Taking the line with "import ezdxf" as the first and the line with "doc.layers.add(name, color=color, linetype=linetype)" as the last, set down exactly every line in that range from the entries below, and no more.
···
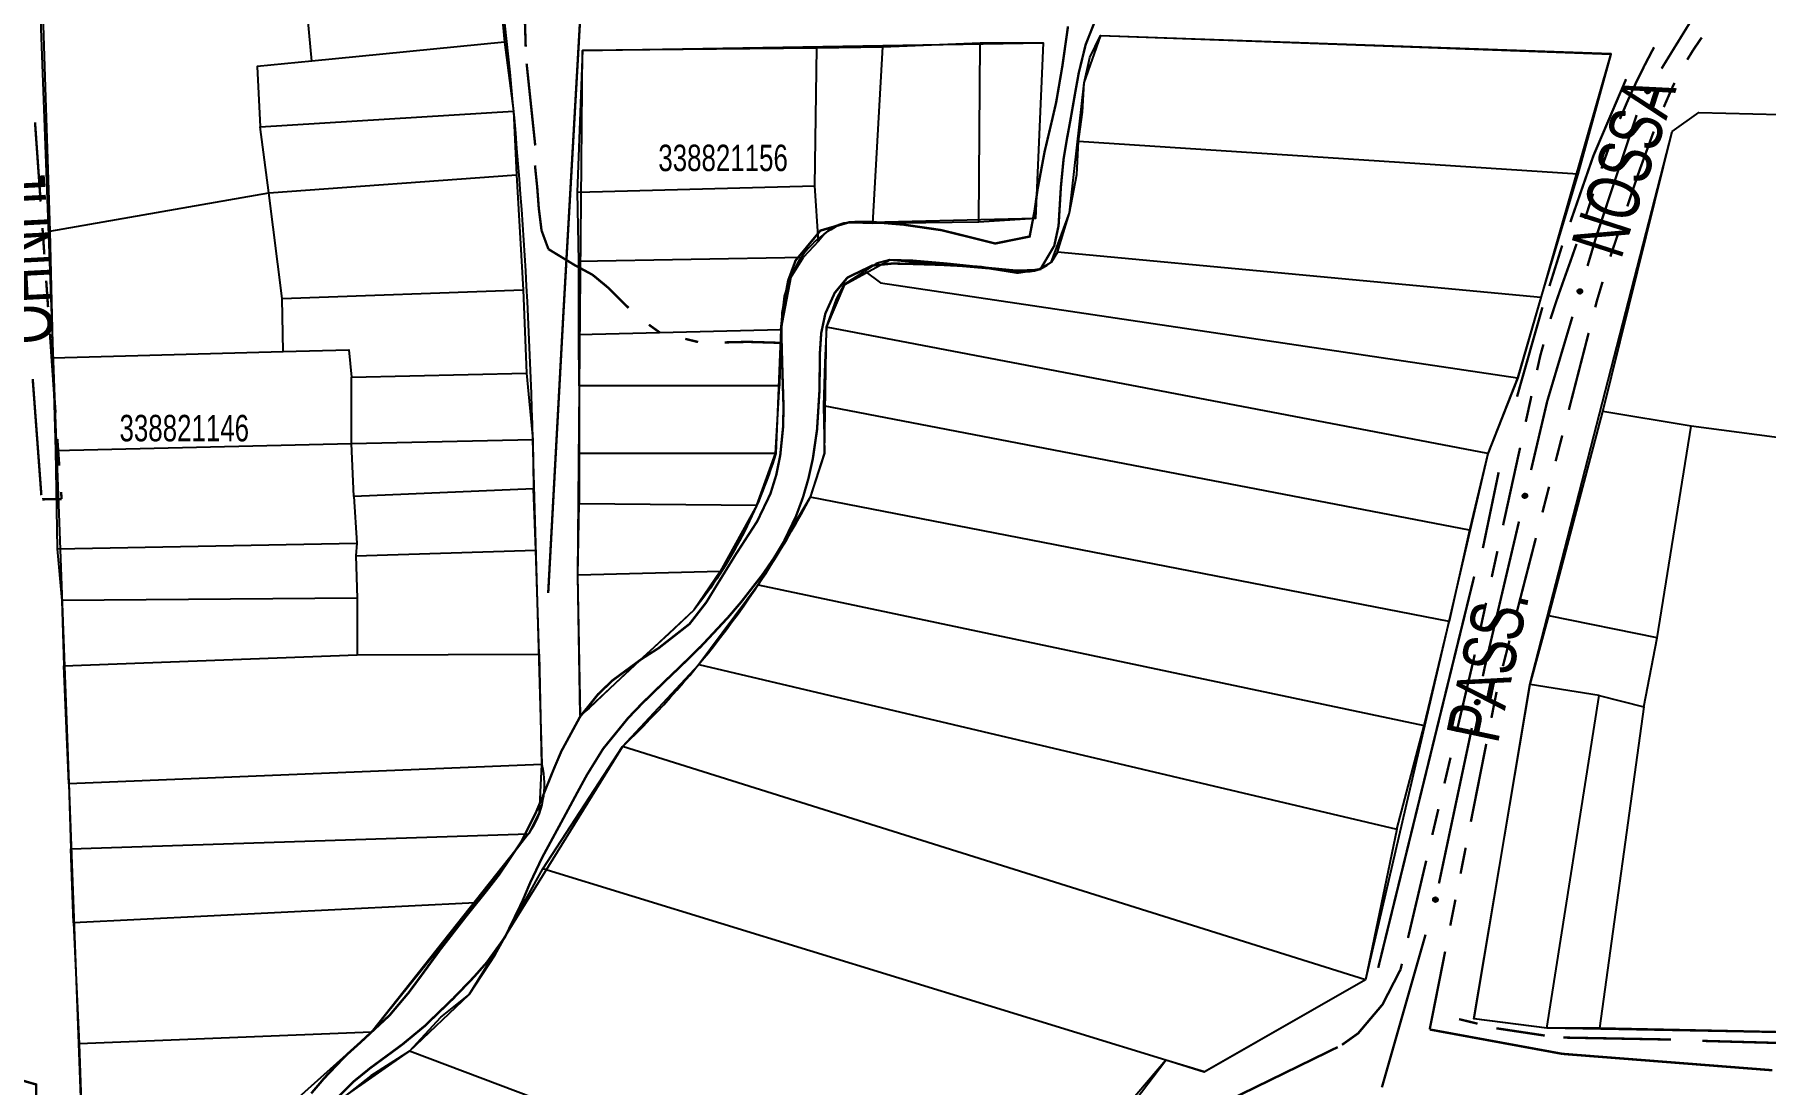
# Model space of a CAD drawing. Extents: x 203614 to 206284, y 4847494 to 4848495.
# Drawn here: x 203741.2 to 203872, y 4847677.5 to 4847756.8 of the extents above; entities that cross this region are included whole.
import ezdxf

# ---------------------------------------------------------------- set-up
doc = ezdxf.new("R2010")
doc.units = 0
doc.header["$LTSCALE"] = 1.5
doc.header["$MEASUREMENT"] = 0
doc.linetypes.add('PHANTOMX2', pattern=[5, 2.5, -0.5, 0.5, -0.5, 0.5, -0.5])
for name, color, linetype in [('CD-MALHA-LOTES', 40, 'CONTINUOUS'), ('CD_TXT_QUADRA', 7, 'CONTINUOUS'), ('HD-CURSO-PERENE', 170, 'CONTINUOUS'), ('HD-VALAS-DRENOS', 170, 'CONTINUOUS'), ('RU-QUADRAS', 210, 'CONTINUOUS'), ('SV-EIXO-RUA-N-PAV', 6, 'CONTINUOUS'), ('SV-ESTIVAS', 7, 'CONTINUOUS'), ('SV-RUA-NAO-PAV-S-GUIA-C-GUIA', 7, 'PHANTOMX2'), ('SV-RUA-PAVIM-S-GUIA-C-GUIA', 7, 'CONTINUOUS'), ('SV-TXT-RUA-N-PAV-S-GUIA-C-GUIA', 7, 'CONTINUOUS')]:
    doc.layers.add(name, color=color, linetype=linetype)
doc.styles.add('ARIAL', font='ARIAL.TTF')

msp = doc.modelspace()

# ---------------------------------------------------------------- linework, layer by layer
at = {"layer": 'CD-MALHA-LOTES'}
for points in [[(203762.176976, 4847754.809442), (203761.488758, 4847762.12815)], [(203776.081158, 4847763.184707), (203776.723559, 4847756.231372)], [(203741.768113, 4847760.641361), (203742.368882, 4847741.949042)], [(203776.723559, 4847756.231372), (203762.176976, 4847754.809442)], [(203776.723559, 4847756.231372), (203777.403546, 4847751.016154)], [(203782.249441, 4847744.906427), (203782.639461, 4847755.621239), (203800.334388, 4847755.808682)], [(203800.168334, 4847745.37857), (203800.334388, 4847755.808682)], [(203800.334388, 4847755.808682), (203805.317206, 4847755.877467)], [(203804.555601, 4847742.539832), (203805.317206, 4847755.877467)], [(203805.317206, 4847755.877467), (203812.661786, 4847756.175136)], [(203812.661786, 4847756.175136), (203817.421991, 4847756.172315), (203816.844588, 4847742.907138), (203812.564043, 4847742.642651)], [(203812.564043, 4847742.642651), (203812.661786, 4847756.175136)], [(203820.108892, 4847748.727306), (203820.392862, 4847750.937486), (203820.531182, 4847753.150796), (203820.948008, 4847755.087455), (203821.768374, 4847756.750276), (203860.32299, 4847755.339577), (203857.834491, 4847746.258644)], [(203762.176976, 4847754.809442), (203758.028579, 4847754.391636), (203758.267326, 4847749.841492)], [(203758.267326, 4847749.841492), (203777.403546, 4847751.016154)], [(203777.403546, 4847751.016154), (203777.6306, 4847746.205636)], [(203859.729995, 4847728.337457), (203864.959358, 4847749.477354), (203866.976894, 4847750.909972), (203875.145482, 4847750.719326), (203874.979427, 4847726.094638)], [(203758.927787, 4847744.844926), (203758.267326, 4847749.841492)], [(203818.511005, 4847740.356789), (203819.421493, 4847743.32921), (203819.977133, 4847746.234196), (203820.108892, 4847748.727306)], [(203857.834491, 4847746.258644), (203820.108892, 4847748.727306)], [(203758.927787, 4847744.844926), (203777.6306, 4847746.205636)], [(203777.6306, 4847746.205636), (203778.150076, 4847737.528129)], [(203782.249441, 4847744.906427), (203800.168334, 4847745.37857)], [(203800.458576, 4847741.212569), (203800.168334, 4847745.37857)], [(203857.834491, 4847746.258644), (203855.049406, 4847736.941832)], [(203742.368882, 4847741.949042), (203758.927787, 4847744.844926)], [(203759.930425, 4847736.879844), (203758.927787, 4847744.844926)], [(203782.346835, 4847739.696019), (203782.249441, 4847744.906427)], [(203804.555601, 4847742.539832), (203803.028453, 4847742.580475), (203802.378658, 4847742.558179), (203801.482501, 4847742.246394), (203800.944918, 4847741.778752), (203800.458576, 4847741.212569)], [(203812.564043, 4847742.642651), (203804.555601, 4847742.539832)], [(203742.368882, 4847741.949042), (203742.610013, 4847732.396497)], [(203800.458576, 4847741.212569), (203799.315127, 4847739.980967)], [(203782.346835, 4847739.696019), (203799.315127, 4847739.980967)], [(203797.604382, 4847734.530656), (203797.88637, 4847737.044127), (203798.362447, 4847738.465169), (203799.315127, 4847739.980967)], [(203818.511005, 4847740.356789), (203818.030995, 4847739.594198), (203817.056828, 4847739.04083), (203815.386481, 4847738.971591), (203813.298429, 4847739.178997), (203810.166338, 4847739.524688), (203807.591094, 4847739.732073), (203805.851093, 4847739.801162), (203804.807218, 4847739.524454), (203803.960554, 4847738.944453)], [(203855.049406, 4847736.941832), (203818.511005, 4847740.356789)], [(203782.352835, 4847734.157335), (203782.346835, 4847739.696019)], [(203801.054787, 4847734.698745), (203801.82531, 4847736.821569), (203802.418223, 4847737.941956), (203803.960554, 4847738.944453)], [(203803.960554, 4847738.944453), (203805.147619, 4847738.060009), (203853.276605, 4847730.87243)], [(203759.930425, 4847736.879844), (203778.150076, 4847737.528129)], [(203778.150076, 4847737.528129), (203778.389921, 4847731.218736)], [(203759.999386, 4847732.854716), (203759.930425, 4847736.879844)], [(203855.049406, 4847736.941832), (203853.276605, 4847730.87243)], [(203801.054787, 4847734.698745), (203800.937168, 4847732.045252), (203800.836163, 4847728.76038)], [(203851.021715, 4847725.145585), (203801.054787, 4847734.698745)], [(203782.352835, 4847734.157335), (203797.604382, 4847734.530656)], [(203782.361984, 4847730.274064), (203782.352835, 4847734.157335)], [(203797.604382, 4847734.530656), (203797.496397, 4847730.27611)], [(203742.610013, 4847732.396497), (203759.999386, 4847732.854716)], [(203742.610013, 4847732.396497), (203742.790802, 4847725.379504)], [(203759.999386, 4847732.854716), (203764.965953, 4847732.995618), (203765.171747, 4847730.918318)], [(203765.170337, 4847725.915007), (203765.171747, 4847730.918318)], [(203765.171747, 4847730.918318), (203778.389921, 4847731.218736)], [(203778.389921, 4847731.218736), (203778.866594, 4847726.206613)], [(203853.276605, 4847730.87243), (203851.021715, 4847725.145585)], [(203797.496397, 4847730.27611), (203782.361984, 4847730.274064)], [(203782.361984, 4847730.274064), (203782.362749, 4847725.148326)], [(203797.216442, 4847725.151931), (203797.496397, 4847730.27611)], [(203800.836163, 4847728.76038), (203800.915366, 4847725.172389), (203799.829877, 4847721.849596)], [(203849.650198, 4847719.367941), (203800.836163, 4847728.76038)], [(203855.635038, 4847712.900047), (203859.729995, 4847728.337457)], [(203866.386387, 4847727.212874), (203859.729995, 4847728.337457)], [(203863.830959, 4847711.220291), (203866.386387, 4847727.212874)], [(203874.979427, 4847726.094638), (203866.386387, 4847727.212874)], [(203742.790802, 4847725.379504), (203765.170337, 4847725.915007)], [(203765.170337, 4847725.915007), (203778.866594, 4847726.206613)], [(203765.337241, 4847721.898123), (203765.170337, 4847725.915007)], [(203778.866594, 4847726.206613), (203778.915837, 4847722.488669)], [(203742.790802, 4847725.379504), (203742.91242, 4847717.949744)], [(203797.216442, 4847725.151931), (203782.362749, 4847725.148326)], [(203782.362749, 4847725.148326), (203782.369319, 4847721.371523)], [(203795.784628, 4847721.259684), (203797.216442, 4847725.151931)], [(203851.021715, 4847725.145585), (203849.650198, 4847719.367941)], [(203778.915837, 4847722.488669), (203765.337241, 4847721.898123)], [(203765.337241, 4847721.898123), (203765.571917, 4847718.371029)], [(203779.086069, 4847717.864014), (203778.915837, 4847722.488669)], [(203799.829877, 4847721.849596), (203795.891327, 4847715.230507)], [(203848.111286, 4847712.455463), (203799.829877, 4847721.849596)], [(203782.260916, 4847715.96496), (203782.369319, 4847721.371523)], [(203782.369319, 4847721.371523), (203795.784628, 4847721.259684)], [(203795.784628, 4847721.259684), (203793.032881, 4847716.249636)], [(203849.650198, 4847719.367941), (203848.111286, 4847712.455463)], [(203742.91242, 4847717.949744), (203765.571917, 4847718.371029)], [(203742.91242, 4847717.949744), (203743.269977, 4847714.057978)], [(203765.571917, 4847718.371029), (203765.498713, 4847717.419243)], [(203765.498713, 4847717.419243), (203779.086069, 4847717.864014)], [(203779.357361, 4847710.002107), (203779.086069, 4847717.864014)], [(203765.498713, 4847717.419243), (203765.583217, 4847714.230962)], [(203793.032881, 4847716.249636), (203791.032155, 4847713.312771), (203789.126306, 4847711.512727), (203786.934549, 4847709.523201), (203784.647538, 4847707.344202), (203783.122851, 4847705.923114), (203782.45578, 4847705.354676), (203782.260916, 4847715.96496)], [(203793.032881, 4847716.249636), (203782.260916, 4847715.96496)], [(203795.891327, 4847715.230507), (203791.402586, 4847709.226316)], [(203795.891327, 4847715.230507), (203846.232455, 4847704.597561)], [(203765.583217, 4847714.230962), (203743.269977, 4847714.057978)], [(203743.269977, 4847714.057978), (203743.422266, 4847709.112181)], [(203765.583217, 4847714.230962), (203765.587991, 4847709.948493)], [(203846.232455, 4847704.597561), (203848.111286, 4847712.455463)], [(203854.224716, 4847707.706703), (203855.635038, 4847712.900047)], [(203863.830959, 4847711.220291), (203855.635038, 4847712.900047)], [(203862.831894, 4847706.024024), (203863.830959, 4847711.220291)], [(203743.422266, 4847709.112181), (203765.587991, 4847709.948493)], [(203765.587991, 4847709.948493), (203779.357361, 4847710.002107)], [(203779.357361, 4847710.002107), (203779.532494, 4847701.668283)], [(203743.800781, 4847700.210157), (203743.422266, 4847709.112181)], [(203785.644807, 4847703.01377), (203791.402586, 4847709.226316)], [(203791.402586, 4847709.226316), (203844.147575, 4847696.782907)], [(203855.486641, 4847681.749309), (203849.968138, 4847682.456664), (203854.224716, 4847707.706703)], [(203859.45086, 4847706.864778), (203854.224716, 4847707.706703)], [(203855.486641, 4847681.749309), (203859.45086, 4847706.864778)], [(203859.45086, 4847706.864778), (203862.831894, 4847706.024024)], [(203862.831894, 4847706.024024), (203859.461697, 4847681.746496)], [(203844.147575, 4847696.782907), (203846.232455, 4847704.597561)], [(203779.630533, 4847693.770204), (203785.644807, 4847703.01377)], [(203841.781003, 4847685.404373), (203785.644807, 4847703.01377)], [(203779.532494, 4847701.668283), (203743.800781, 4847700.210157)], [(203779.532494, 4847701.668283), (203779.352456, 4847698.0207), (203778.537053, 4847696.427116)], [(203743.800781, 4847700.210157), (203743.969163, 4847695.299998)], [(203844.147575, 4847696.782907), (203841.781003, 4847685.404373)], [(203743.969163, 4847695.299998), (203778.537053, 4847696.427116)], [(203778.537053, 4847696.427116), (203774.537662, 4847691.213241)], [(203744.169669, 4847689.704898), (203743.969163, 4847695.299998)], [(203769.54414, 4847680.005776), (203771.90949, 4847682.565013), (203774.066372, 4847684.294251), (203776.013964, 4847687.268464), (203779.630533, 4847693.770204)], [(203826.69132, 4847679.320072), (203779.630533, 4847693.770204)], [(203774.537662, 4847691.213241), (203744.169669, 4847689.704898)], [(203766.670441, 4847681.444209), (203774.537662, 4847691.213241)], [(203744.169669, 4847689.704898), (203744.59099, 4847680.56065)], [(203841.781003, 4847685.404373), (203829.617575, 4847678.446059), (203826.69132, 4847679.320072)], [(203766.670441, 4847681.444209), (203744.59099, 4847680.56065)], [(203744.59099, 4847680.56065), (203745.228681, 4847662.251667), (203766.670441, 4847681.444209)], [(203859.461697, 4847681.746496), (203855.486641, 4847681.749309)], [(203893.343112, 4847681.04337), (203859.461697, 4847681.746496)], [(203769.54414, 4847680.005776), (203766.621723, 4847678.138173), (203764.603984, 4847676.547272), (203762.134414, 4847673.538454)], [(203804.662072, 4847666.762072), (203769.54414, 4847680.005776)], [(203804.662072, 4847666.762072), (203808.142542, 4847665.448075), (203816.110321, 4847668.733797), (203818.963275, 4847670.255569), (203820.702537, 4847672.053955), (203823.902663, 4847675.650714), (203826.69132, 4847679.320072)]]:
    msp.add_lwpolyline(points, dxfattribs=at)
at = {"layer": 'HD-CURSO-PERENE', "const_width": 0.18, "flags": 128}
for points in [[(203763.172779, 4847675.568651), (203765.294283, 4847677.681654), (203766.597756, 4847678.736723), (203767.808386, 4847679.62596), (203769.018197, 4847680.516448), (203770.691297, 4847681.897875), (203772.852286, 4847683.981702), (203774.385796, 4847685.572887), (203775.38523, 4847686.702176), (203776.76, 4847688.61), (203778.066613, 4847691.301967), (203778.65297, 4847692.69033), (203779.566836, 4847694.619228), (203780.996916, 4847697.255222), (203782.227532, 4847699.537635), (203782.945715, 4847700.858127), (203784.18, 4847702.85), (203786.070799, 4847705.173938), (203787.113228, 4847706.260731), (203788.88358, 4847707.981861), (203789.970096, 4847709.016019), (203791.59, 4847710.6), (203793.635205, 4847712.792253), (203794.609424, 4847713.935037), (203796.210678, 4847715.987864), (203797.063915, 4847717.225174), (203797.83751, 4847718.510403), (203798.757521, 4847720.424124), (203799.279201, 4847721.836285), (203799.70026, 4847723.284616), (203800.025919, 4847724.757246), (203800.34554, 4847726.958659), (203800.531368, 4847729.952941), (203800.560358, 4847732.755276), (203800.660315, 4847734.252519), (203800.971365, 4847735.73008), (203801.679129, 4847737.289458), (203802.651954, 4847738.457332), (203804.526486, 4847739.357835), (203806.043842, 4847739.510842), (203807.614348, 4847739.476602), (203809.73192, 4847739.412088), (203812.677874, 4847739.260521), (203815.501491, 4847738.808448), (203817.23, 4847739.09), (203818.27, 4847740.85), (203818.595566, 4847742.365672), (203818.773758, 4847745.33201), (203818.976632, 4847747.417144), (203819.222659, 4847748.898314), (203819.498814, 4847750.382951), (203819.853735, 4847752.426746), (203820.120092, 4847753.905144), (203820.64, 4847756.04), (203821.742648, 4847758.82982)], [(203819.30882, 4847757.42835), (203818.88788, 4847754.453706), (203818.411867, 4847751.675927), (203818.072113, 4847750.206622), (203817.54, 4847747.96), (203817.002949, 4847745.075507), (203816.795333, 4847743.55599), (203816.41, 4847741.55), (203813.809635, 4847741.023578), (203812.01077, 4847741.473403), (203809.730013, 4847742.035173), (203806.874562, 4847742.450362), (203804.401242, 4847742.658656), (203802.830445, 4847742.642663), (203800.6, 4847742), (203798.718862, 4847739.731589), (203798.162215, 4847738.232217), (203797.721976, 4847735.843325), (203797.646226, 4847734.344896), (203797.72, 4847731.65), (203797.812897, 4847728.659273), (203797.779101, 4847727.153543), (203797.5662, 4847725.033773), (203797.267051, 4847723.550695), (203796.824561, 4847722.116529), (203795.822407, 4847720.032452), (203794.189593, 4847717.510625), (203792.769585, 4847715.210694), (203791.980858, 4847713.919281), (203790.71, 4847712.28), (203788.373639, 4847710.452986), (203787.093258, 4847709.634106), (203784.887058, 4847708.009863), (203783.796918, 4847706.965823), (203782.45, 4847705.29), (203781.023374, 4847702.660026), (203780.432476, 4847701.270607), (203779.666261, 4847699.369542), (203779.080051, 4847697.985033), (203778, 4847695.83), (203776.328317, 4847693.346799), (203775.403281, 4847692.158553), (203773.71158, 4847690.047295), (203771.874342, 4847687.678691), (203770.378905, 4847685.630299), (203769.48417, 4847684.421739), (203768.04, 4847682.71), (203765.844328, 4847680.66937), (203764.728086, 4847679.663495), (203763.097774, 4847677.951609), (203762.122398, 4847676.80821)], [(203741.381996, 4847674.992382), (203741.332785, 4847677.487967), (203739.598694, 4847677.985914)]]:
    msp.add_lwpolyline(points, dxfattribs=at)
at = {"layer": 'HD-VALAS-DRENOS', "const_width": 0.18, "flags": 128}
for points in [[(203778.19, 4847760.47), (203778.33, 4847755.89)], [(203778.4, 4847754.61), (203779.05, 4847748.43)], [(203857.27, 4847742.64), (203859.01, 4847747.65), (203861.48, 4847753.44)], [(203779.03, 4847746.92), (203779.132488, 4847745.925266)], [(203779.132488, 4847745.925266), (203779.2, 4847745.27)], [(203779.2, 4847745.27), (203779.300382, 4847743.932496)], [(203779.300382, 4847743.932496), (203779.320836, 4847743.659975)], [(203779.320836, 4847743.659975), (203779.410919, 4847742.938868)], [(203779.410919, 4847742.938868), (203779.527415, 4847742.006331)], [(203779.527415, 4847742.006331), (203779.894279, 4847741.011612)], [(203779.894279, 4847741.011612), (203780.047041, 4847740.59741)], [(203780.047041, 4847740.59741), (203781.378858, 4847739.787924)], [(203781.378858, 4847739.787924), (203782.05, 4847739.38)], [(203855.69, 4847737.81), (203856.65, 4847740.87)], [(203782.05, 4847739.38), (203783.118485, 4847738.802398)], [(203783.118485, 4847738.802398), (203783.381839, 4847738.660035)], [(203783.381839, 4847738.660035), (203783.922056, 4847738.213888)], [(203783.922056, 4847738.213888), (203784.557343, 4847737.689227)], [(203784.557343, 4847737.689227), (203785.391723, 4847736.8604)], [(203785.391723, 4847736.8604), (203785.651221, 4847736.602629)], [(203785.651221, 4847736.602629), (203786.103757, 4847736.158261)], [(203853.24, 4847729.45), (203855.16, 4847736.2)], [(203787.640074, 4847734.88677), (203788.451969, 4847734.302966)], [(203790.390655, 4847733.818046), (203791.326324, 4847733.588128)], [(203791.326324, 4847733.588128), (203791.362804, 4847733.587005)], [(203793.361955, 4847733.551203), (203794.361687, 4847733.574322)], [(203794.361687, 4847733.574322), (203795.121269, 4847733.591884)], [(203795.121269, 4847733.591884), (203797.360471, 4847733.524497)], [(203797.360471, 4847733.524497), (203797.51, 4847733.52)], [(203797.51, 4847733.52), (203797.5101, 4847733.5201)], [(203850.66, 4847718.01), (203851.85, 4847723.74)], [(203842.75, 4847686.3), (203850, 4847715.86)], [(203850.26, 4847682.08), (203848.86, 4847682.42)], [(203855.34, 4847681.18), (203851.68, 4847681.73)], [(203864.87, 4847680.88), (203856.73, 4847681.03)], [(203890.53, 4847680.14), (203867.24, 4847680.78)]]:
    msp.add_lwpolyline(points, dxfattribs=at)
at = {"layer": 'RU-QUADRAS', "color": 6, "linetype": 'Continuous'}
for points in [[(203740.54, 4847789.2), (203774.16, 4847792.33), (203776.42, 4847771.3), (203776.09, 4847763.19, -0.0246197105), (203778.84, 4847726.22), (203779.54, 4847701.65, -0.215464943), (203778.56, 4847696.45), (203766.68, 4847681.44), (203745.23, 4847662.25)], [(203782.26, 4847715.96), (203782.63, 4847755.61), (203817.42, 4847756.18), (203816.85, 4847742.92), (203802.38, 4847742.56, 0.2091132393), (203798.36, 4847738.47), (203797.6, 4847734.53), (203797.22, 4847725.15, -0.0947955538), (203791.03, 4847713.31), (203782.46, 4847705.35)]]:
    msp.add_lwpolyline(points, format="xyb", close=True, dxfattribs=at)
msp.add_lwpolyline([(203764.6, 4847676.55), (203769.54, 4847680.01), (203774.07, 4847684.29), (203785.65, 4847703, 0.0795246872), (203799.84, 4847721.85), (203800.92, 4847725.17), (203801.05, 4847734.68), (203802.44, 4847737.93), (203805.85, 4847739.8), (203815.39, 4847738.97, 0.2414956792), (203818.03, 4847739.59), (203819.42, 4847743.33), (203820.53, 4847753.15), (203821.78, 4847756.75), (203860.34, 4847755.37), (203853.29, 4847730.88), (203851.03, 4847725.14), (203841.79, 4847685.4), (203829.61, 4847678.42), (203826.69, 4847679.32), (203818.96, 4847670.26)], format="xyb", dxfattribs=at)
···
* **Reply**
import ezdxf

# ---------------------------------------------------------------- set-up
doc = ezdxf.new("R2010")
doc.units = 0
doc.header["$LTSCALE"] = 1.5
doc.header["$MEASUREMENT"] = 0
doc.linetypes.add('PHANTOMX2', pattern=[5, 2.5, -0.5, 0.5, -0.5, 0.5, -0.5])
for name, color, linetype in [('CD-MALHA-LOTES', 40, 'CONTINUOUS'), ('CD_TXT_QUADRA', 7, 'CONTINUOUS'), ('HD-CURSO-PERENE', 170, 'CONTINUOUS'), ('HD-VALAS-DRENOS', 170, 'CONTINUOUS'), ('RU-QUADRAS', 210, 'CONTINUOUS'), ('SV-EIXO-RUA-N-PAV', 6, 'CONTINUOUS'), ('SV-ESTIVAS', 7, 'CONTINUOUS'), ('SV-RUA-NAO-PAV-S-GUIA-C-GUIA', 7, 'PHANTOMX2'), ('SV-RUA-PAVIM-S-GUIA-C-GUIA', 7, 'CONTINUOUS'), ('SV-TXT-RUA-N-PAV-S-GUIA-C-GUIA', 7, 'CONTINUOUS')]:
    doc.layers.add(name, color=color, linetype=linetype)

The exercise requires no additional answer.